В изломах бытия Розанову, как и Достоевскому, совершенно отчетливо виделась неразрывная связь между целостностью и устойчивостью личности и общества и подлинным патриотизмом. Любовь для Розанова, как и все философские идеи, не абстрактна, она в многообразии конкретных проявлений защиты человеческого достойного существования, неразрывно связанного с чувством Родины как естественного человеческого чувства. Он писал: «Национальность для каждой нации есть рок ее, судьба ее; может быть, даже и черная. Судьба в ее силе. «От Судьбы не уйдешь»: и из «оков народа» тоже не уйдешь». В нелегкие для России времена, предчувствуя будущие тяжелые дни, он писал: «Счастливую и великую родину любить не велика вещь. Мы ее должны любить именно когда она слаба, мала, унижена, наконец, глупа, наконец, даже порочна. Именно, именно когда наша «мать» пьяна, лжет и вся запуталась в грехе, — мы и не должны отходить от нее».

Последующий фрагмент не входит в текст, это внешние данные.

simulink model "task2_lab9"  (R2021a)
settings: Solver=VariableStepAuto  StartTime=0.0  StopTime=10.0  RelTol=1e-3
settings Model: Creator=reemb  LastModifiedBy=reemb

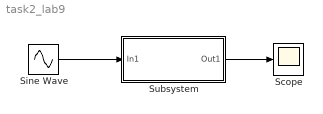
== system task2_lab9 ==
  Scope : Scope
  Sine Wave : Sin  SampleTime=0
  Subsystem : Subsystem  TreatAsAtomicUnit=on  SystemSampleTime=0.5
  wires:
  Sine Wave/1 -> Subsystem/1(In1)
  Subsystem/1(Out1) -> Scope/1

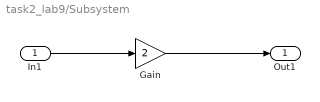
== system task2_lab9/Subsystem ==
  In1 : Inport
  Gain : Gain  Gain=2
  Out1 : Outport
  wires:
  In1/1 -> Gain/1
  Gain/1 -> Out1/1
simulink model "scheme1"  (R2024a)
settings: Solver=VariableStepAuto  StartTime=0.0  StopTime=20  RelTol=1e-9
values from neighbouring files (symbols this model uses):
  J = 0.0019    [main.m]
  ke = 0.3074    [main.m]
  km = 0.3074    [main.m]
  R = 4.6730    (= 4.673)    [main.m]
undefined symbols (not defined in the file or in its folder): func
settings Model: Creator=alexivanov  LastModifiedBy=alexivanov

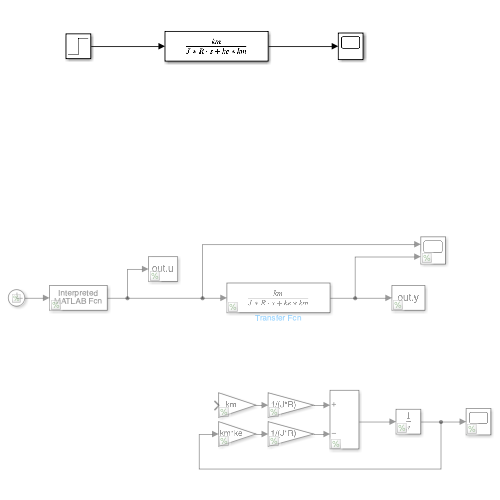
[thumbnail: Simulink's stored preview of the top-level diagram]
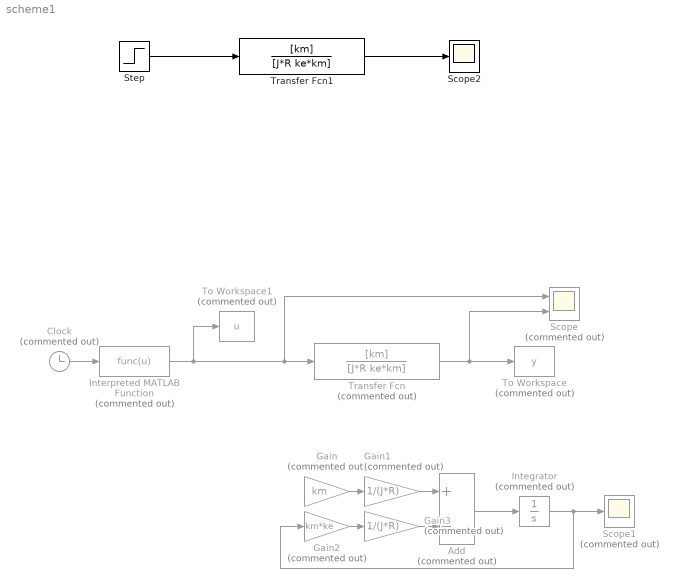
== system scheme1 ==
  Add : Sum  Commented=on  Inputs=+-
  Clock : Clock  Commented=on
  Gain : Gain  Commented=on  Gain=km
  Gain1 : Gain  Commented=on  Gain=1/(J*R)
  Gain2 : Gain  Commented=on  Gain=km*ke
  Gain3 : Gain  Commented=on  Gain=1/(J*R)
  Integrator : Integrator  Commented=on
  Interpreted MATLAB Function : MATLABFcn  Commented=on  MATLABFcn=func(u)
  Scope : Scope  Commented=on  NumInputPorts=2
  Scope1 : Scope  Commented=on
  Scope2 : Scope
  Step : Step  Time=0  SampleTime=0
  To Workspace : ToWorkspace  Commented=on  VariableName=y  SaveFormat=Timeseries  SampleTime=-1
  To Workspace1 : ToWorkspace  Commented=on  VariableName=u  SaveFormat=Timeseries  SampleTime=-1
  Transfer Fcn : TransferFcn  Commented=on  Numerator=[km]  Denominator=[J*R ke*km]
  Transfer Fcn1 : TransferFcn  Numerator=[km]  Denominator=[J*R ke*km]
  wires:
  Transfer Fcn/1 -> Scope/2, To Workspace/1
  Gain/1 -> Gain1/1
  Gain1/1 -> Add/1
  Gain2/1 -> Gain3/1
  Gain3/1 -> Add/2
  Add/1 -> Integrator/1
  Integrator/1 -> Gain2/1, Scope1/1
  Clock/1 -> Interpreted MATLAB Function/1
  Interpreted MATLAB Function/1 -> To Workspace1/1, Scope/1, Transfer Fcn/1
  Step/1 -> Transfer Fcn1/1
  Transfer Fcn1/1 -> Scope2/1

Прежде всего Достоевский стал тем великим и осознанным ориентиром философской мысли Розанова, как признавался он, «самым проницательным» человеком, человеком необыкновенной «умственной силы, безупречной искренности, могучего таланта». И как будто не почти сто лет назад написанные, звучат сегодня слова Розанова, с достоинством мысли и сердца шедшего за Достоевским, — «…и вот сейчас как будто он еще не умирал: так живы его идеи, образы, занимавшие его споры и в наши дни. Достоевский — весь в движении сейчас бегущих идей. Ничто в нем не постарело; ничто не умерло». Так можно сказать лишь о подлинном классике, идеи которого переживают его эпоху.